**Task item**:
Within the material below, how many lines carry the word "insert"? State only the number.

[Opening Given data section]

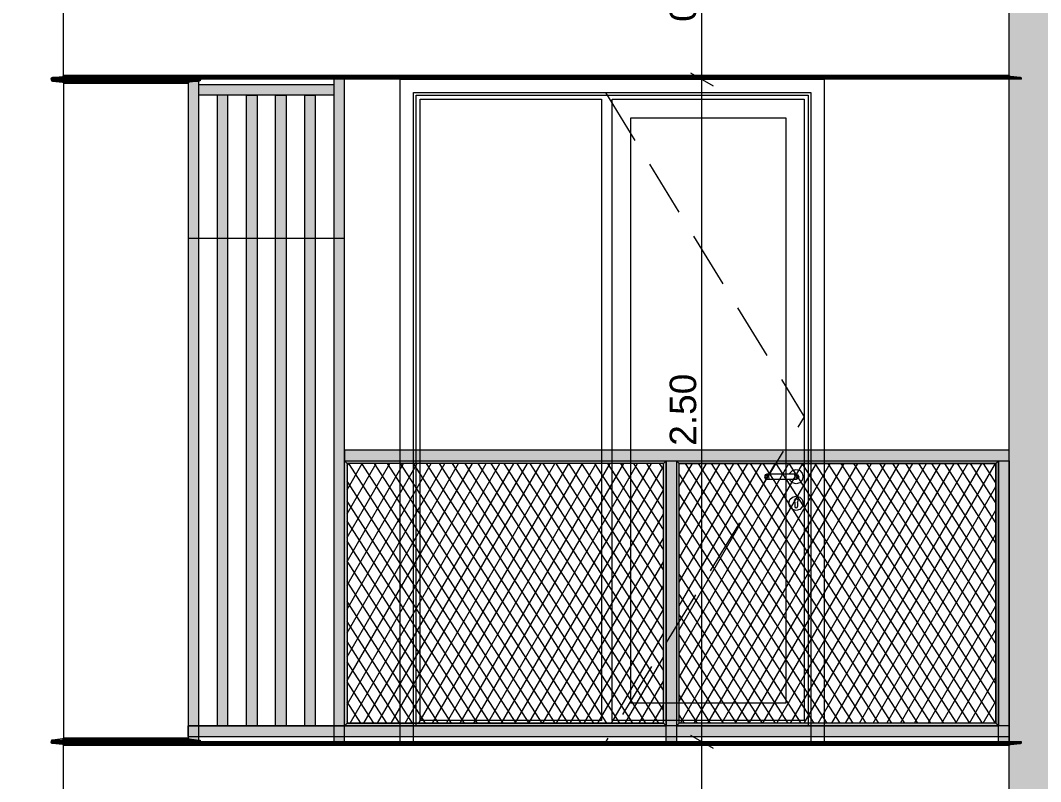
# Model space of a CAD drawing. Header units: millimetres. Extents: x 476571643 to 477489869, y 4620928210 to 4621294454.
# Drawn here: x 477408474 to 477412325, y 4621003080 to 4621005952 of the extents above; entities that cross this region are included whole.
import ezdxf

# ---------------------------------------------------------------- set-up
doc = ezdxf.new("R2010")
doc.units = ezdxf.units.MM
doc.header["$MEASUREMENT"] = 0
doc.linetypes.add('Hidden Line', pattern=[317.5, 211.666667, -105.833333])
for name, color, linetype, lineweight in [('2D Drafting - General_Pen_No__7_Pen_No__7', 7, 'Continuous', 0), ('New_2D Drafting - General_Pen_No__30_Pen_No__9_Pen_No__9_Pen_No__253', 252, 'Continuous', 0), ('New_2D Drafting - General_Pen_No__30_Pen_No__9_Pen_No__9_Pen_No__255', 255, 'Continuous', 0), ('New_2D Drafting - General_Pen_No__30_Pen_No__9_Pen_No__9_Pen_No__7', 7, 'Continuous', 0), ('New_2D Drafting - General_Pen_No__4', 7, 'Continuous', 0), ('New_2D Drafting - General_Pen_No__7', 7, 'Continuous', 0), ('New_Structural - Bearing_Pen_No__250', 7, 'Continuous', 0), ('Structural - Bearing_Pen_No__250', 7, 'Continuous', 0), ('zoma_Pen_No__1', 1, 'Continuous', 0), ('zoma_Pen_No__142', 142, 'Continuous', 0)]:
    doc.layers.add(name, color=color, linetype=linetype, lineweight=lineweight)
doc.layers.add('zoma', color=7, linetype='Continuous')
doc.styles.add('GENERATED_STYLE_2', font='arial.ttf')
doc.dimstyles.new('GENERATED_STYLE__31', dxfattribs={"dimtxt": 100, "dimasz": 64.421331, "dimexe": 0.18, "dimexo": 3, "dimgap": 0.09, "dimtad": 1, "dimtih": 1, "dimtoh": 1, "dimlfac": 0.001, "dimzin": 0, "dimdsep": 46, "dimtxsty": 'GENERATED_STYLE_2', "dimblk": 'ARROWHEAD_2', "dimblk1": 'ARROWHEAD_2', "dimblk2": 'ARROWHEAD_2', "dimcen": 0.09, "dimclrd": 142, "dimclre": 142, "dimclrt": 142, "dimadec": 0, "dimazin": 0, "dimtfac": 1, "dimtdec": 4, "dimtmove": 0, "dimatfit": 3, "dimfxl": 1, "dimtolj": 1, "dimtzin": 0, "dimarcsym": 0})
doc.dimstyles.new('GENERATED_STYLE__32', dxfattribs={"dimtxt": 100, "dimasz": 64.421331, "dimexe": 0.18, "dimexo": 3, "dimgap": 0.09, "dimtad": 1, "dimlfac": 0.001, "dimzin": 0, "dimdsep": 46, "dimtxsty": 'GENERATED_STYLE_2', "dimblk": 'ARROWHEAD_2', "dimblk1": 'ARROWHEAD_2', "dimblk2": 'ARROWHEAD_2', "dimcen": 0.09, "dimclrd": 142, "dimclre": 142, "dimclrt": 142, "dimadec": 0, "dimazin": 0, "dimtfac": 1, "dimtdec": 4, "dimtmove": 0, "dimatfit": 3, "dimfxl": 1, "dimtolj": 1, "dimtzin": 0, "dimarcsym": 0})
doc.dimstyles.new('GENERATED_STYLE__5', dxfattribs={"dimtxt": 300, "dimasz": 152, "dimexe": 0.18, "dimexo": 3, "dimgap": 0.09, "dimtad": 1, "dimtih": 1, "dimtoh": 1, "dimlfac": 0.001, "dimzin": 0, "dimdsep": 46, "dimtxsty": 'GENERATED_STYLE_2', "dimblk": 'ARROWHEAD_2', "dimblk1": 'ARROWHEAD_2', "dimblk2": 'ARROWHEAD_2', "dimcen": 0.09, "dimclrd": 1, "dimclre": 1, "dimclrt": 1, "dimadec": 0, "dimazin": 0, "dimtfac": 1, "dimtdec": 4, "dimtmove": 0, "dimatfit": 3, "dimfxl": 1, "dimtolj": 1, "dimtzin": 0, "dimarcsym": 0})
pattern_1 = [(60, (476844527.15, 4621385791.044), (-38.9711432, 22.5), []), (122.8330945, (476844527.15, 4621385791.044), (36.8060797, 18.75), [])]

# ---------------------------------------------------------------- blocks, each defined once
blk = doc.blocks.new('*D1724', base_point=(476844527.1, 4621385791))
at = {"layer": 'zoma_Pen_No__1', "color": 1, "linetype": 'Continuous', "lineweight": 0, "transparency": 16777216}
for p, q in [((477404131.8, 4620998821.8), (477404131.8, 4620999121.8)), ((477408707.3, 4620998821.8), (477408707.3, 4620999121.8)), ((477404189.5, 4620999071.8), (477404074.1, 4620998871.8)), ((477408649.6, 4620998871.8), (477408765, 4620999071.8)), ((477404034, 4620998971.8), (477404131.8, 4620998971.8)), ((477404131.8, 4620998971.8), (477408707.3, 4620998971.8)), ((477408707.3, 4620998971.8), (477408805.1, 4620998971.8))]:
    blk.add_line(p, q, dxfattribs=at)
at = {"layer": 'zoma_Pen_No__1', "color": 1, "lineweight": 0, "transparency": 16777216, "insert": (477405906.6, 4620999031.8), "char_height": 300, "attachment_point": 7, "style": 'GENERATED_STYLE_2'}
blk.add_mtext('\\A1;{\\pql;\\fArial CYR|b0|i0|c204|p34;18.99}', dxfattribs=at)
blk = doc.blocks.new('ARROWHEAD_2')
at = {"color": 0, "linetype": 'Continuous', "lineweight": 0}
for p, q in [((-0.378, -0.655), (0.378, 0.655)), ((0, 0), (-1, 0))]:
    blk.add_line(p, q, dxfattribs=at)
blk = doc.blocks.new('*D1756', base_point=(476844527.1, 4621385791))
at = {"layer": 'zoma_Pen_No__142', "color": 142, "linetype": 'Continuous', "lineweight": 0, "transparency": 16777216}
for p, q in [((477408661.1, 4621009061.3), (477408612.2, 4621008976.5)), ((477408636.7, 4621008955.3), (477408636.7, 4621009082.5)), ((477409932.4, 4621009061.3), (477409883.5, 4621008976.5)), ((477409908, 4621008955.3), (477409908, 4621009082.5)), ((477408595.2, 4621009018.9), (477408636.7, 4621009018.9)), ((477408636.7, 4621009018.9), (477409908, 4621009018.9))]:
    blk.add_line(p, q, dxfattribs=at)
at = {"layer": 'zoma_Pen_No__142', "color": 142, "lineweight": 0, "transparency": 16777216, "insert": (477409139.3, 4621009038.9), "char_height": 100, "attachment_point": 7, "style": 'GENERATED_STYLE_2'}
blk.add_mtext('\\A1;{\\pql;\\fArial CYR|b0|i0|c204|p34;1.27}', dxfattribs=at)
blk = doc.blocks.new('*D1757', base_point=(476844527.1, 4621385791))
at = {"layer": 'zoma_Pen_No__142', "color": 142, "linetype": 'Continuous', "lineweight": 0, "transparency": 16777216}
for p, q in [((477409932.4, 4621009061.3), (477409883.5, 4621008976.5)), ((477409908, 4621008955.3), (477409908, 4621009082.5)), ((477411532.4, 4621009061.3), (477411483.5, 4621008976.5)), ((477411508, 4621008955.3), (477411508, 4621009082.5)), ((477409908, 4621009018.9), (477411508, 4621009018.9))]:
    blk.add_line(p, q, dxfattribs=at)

[Closing Given data section]

**Expected answer**:
2